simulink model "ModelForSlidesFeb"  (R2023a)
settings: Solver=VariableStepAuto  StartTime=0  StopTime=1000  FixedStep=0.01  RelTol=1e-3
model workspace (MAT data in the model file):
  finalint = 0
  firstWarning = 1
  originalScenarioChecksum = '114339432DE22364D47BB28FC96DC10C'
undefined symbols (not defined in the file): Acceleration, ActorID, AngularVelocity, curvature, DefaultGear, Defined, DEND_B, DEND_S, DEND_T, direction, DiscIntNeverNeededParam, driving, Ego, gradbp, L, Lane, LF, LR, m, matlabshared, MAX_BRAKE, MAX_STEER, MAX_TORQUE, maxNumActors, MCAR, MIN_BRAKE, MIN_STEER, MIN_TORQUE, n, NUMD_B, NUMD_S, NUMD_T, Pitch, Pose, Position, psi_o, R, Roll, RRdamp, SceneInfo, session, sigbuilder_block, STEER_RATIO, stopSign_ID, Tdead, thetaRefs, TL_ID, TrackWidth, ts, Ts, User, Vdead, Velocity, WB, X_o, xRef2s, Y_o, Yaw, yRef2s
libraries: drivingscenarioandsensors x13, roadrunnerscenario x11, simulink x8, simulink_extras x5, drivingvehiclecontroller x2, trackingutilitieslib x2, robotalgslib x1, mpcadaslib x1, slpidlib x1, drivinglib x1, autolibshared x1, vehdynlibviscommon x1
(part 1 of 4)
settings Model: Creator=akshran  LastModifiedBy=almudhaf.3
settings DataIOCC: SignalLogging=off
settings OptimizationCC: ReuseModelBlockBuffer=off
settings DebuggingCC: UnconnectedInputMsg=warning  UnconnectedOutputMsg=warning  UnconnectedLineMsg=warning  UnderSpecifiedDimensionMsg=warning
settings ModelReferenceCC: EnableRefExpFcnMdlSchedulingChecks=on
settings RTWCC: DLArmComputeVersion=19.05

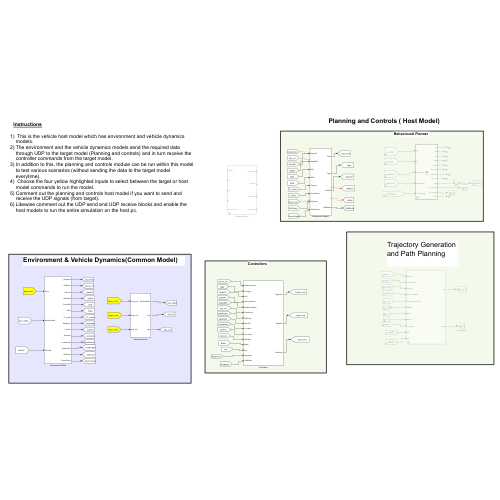
[thumbnail: Simulink's stored preview of the top-level diagram]
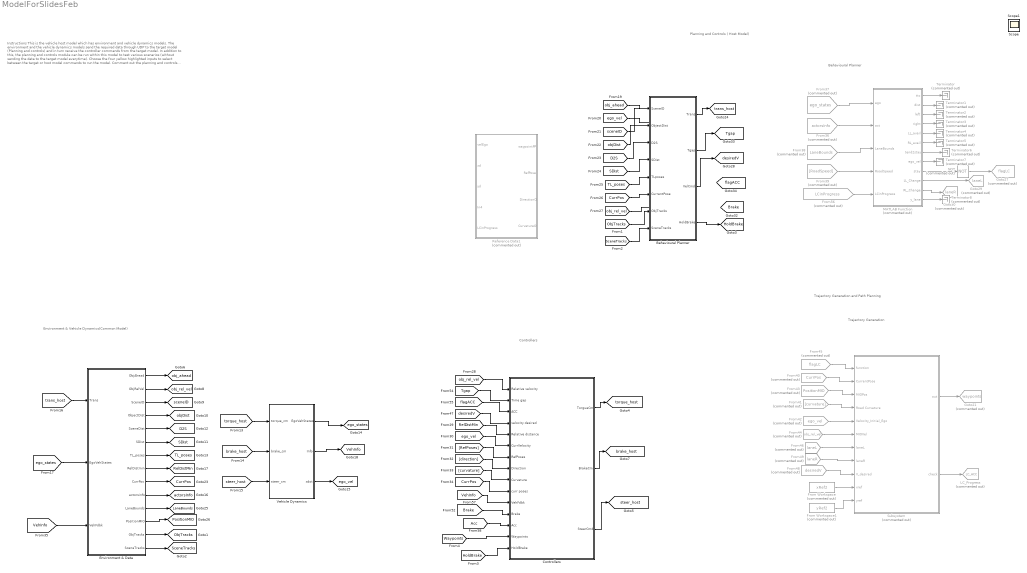
== system ModelForSlidesFeb ==
  note: Trajectory Generation and Path Planning
  note: Trajectory Generation
  note: Behavioural Planner
  note: Instructions
      |
      | This is the vehicle host model which has environment and vehicle dynamics models.
      | The environment and the vehicle dynamics models send the required data through UDP to the target model (Planning and controls) and in turn receive the controller commands from the target model.
      | In addition to this, the planning and controls module can be run within this model to test various scenarios (without sending the data to the target model everytime).
      | Choose the four yellow highlighted inputs to select between the target or host model commands to run the model.
      | Comment out the planning and controls host model if you want to send and receive the UDP signals (from target).
      | Likewise comment out the UDP send and UDP receive blocks and enable the host models to run the entire simulation on the host pc.
  note: Environment & Vehicle Dynamics(Common Model)
  note: Planning and Controls ( Host Model)
  note: Controllers
  Behavioural Planner : Subsystem
  Controllers : Subsystem
  Environment & Data : Subsystem
  From Workspace : FromWorkspace  Commented=on  VariableName=xRef2
  From Workspace1 : FromWorkspace  Commented=on  VariableName=yRef2
  From36 : From  Commented=on  GotoTag=actorsInfo  TagVisibility=global
  From37 : From  Commented=on  GotoTag=ego_states  TagVisibility=global
  From38 : From  Commented=on  GotoTag=LaneBounds  TagVisibility=global
  From39 : From  Commented=on  GotoTag=RoadSpeed  TagVisibility=global
  From40 : From  Commented=on  GotoTag=CurrPos  TagVisibility=global
  From41 : From  Commented=on  GotoTag=curvature
  From42 : From  Commented=on  GotoTag=ego_vel  TagVisibility=global
  From43 : From  Commented=on  GotoTag=PositionMIO  TagVisibility=global
  From44 : From  Commented=on  GotoTag=obj_rel_vel  TagVisibility=global
  From45 : From  Commented=on  GotoTag=flagLC  TagVisibility=global
  From46 : From  Commented=on  GotoTag=laneL  TagVisibility=global
  From48 : From  Commented=on  GotoTag=desiredV  TagVisibility=global
  From49 : From  Commented=on  GotoTag=laneR  TagVisibility=global
  From56 : From  Commented=on  GotoTag=LCinProgress  TagVisibility=global
  Goto21 : Goto  Commented=on  GotoTag=waypoints  TagVisibility=global
  Goto27 : Goto  Commented=on  GotoTag=flagLC  TagVisibility=global
  Goto29 : Goto  Commented=on  GotoTag=laneL  TagVisibility=global
  Goto30 : Goto  Commented=on  GotoTag=laneR  TagVisibility=global
  LC_Progress : Goto  Commented=on  GotoTag=LC_ACC  TagVisibility=global
  MATLAB Function : MATLAB Function  Commented=on  TreatAsAtomicUnit=on
  NOT : Logic  Commented=on  Operator=NOT  IconShape=distinctive  AllPortsSameDT=off  OutDataTypeStr=boolean
  Reference Data1 : Subsystem  Commented=on  VariantControl=Stanley
  Subsystem : Subsystem  Commented=on
  Terminator{,1..8} (9 alike) : Terminator  Commented=on
  Vehicle Dynamics : Subsystem
  Scope : Scope
  Scope1 : Scope
  tag scope: Brake=global, CurrPos=global, D2S=global, HoldBrake=global, LaneBounds=global, ObjTracks=global, PositionMIO=global, RelDistMin=global, SDist=global, SceneTracks=global, TL_poses=global, Tgap=global, VehInfo=global, actorsInfo=global, brake_host=global, desiredV=global, ego_states=global, ego_vel=global, flagACC=global, objDist=global, obj_ahead=global, obj_rel_vel=global, sceneID=global, steer_host=global, torque_host=global, trans_host=global
  wires:
  Controllers/1(TorgueCm) -> [torque_host]
  Environment & Data/1(ObjAhead) -> [obj_ahead]
  Environment & Data/2(ObjRelVel) -> [obj_rel_vel]
  Environment & Data/3(SceneID) -> [sceneID]
  Environment & Data/4(ObjectDist) -> [objDist]
  Environment & Data/6(SDist) -> [SDist]
  Environment & Data/5(SceneDist) -> [D2S]
  Environment & Data/7(TL_poses) -> [TL_poses]
  Vehicle Dynamics/1(EgoVehStates) -> [ego_states]
  Vehicle Dynamics/3(xdot) -> [ego_vel]
  Environment & Data/8(RelDistmin) -> [RelDistMin]
  Vehicle Dynamics/2(Info) -> [VehInfo]
  [torque_host] -> Vehicle Dynamics/1(torque_cm)
  [brake_host] -> Vehicle Dynamics/2(brake_cm)
  [steer_host] -> Vehicle Dynamics/3(steer_cm)
  [trans_host] -> Environment & Data/1(Trans)
  [ego_states] -> Environment & Data/2(EgoVehStates)
  [obj_rel_vel] -> Controllers/1(Relative velocity)
  [RelDistMin] -> Controllers/5(Relative distance)
  [ego_vel] -> Controllers/6(CurrVelocity)
  [RefPoses] -> Controllers/7(RefPoses)
  [direction] -> Controllers/8(Direction)
  [curvature] -> Controllers/9(Curvature)
  [CurrPos] -> Controllers/10(curr poses)
  [VehInfo] -> Environment & Data/3(VehFdbk)
  Environment & Data/9(CurrPos) -> [CurrPos]
  Environment & Data/10(actorsinfo) -> [actorsInfo]
  From37/1 -> MATLAB Function/1(ego)
  From36/1 -> MATLAB Function/2(act)
  Environment & Data/11(LaneBounds) -> [LaneBounds]
  From38/1 -> MATLAB Function/3(LaneBounds)
  From39/1 -> MATLAB Function/4(RoadSpeed)
  MATLAB Function/9(stay) -> NOT/1
  MATLAB Function/10(LL_Change) -> Goto29/1
  MATLAB Function/11(RL_Change) -> Goto30/1
  Environment & Data/12(PositionMIO) -> [PositionMIO]
  NOT/1 -> Goto27/1
  [desiredV] -> Controllers/4(velocity desired)
  [Tgap] -> Controllers/2(Time gap)
  [flagACC] -> Controllers/3(ACC)
  From56/1 -> MATLAB Function/5(LCinProgress)
  [VehInfo] -> Controllers/11(VehFdbk)
  Controllers/2(BrakeCm) -> [brake_host]
  Controllers/3(SteerCmd) -> [steer_host]
  From45/1 -> Subsystem/1(function)
  From40/1 -> Subsystem/2(CurrentPose)
  From43/1 -> Subsystem/3(MIOPos)
  From41/1 -> Subsystem/4(Road Curvature)
  From42/1 -> Subsystem/5(Velocity_Initial_Ego)
  From44/1 -> Subsystem/6(MIOVel)
  From48/1 -> Subsystem/9(V_desired)
  Subsystem/2(check) -> LC_Progress/1
  [obj_ahead] -> ?
  [ego_vel] -> ?
  [sceneID] -> Behavioural Planner/1(SceneID)
  [objDist] -> Behavioural Planner/2(ObjectDist)
  [D2S] -> Behavioural Planner/3(D2S)
  [SDist] -> Behavioural Planner/4(SDist)
  [TL_poses] -> Behavioural Planner/5(TLposes)
  [CurrPos] -> Behavioural Planner/6(CurrentPose)
  [obj_rel_vel] -> ?
  Behavioural Planner/1(Trans) -> [trans_host]
  Behavioural Planner/2(Tgap) -> [Tgap]
  Behavioural Planner/3(VelCmd) -> [desiredV]
  ? -> [flagACC]
  ? -> [Brake]
  [Brake] -> Controllers/12(Brake)
  [Acc] -> Controllers/13(Acc)
  Subsystem/1(out) -> Goto21/1
  From46/1 -> Subsystem/7(laneL)
  From49/1 -> Subsystem/8(laneR)
  From Workspace/1 -> Subsystem/10(xref)
  From Workspace1/1 -> Subsystem/11(yref)
  MATLAB Function/1(ttc) -> Terminator/1
  MATLAB Function/2(dist) -> Terminator1/1
  MATLAB Function/3(left) -> Terminator2/1
  MATLAB Function/4(right) -> Terminator3/1
  MATLAB Function/5(LL_avail) -> Terminator4/1
  MATLAB Function/6(RL_avail) -> Terminator5/1
  MATLAB Function/7(tend2stay) -> Terminator6/1
  MATLAB Function/8(ego_vel) -> Terminator7/1
  MATLAB Function/12(y_lane) -> Terminator8/1
  Environment & Data/14(SceneTracks) -> [SceneTracks]
  Environment & Data/13(ObjTracks) -> [ObjTracks]
  [ObjTracks] -> Behavioural Planner/7(ObjTracks)
  [SceneTracks] -> Behavioural Planner/8(SceneTracks)
  Behavioural Planner/4(HoldBrake) -> [HoldBrake]
  [HoldBrake] -> Controllers/15(HoldBrake)
  [Waypoints] -> Controllers/14(Waypoints)

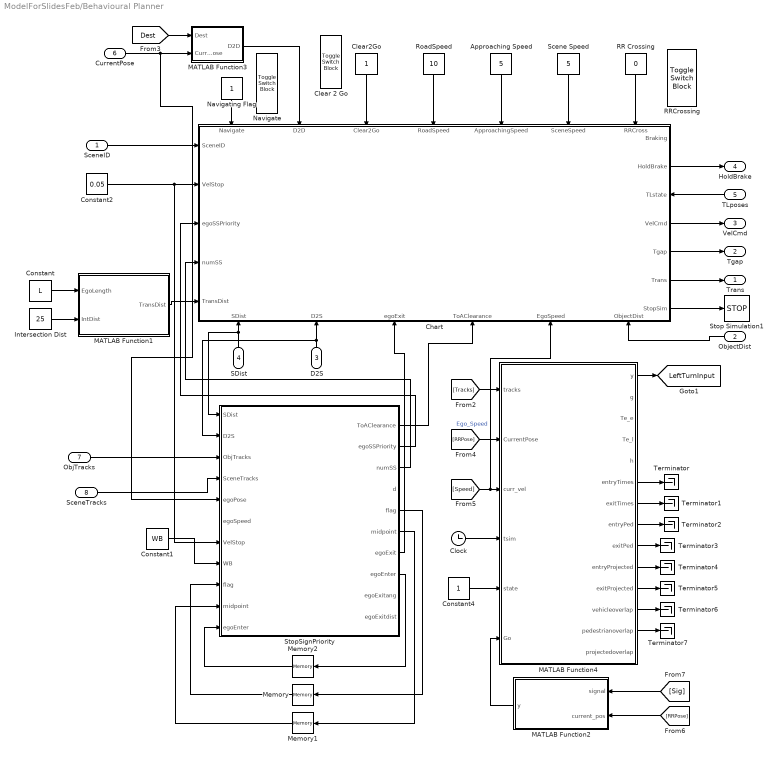
== system ModelForSlidesFeb/Behavioural Planner ==
  SceneID : Inport
  ObjectDist : Inport  Port=2
  D2S : Inport  Port=3
  SDist : Inport  Port=4
  TLposes : Inport  Port=5
  CurrentPose : Inport  Port=6
  ObjTracks : Inport  Port=7
  SceneTracks : Inport  Port=8
  Approaching Speed : Constant  Value=5
  Chart : Stateflow chart  TreatAsAtomicUnit=on
      settings: PortSchema="{\"entries\":[{\"content\":{\"sides\":[{\"content\":{\"connectorIds\":[\"In17\",\"In18\",\"In19\",\"In2\",\"In5\"]},\"type\":\"ConnectorPlacement.EquallySpacedRectSide\",\"uuid\":\"81aca70f-0947-49fb-b60a-be241e44193b\"},{\"content\":{\"connectorIds\":[\"Out6\",\"Out2\",\"In1\",\"Out1\",\"Out3\",\"Out4\",\"Out5\"],\"side\":\"RIGHT\"},\"type\":\"ConnectorPlacement.EquallySpacedRectSide\",\"uuid\":\"e7b9645e-3711-4964-ac9b-0199dd335e99\"},{\"content\":{\"connectorIds\":[\"In13\",\"In14\",\"In15\",\"In16\",\"In6\",\"In9\",\"In11\"],\"side\":\"TOP\"},\"type\":\"ConnectorPlacement.EquallySpacedRectSide\",\"uuid\":\"6876f024-944b-4540-9404-d68f37763657\"},{\"content\":{\"connectorIds\":[\"In10\",\"In12\",\"In3\",\"In4\",\"In7\",\"In8\"],\"side\":\"BOTTOM\"},\"type\":\"ConnectorPlacement.EquallySpacedRectSide\",\"uuid\":\"44acab73-cdde-4edf-95df-27422644ccab\"}]},\"type\":\"ConnectorPlacement.EquallySpacedConnector\",\"uuid\":\"d2c31c01-e447-43db-8d2b-8b98a0ca291a\"}],\"packageUris\":[\"http://schema.mathworks.com/mf0/Connector/R2020b\"],\"version\":\"1.0\"}"
  Clear 2 Go : ToggleSwitchBlock
      settings: Values={{'Off', 'On'}, [0 1]}
  Clear2Go : Constant
  Clock : Clock
  Constant : Constant  Value=L
  Constant1 : Constant  Value=WB
  Constant2 : Constant  Value=0.05
  Constant4 : Constant
  Intersection Dist : Constant  Value=25
  MATLAB Function1 : MATLAB Function  TreatAsAtomicUnit=on
  MATLAB Function2 : MATLAB Function  TreatAsAtomicUnit=on
  MATLAB Function3 : MATLAB Function  TreatAsAtomicUnit=on
  MATLAB Function4 : MATLAB Function  TreatAsAtomicUnit=on
  Memory : Memory
  Memory1 : Memory  InitialCondition=[0 0]
  Memory2 : Memory
  Navigate : ToggleSwitchBlock
      settings: Values={{'Off', 'On'}, [0 1]}
  Navigating Flag : Constant
  RR Crossing : Constant  Value=0
  RRCrossing : ToggleSwitchBlock
      settings: Values={{'Off', 'On'}, [0 1]}
  RoadSpeed : Constant  Value=10
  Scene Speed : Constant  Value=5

Task goal - Reproduce, word for word and in full, only the lines above that start at the line with "Goto30 : Goto" and run through the line with "NOT : Logic", both ends included.

Result of the task -
  Goto30 : Goto  Commented=on  GotoTag=laneR  TagVisibility=global
  LC_Progress : Goto  Commented=on  GotoTag=LC_ACC  TagVisibility=global
  MATLAB Function : MATLAB Function  Commented=on  TreatAsAtomicUnit=on
  NOT : Logic  Commented=on  Operator=NOT  IconShape=distinctive  AllPortsSameDT=off  OutDataTypeStr=boolean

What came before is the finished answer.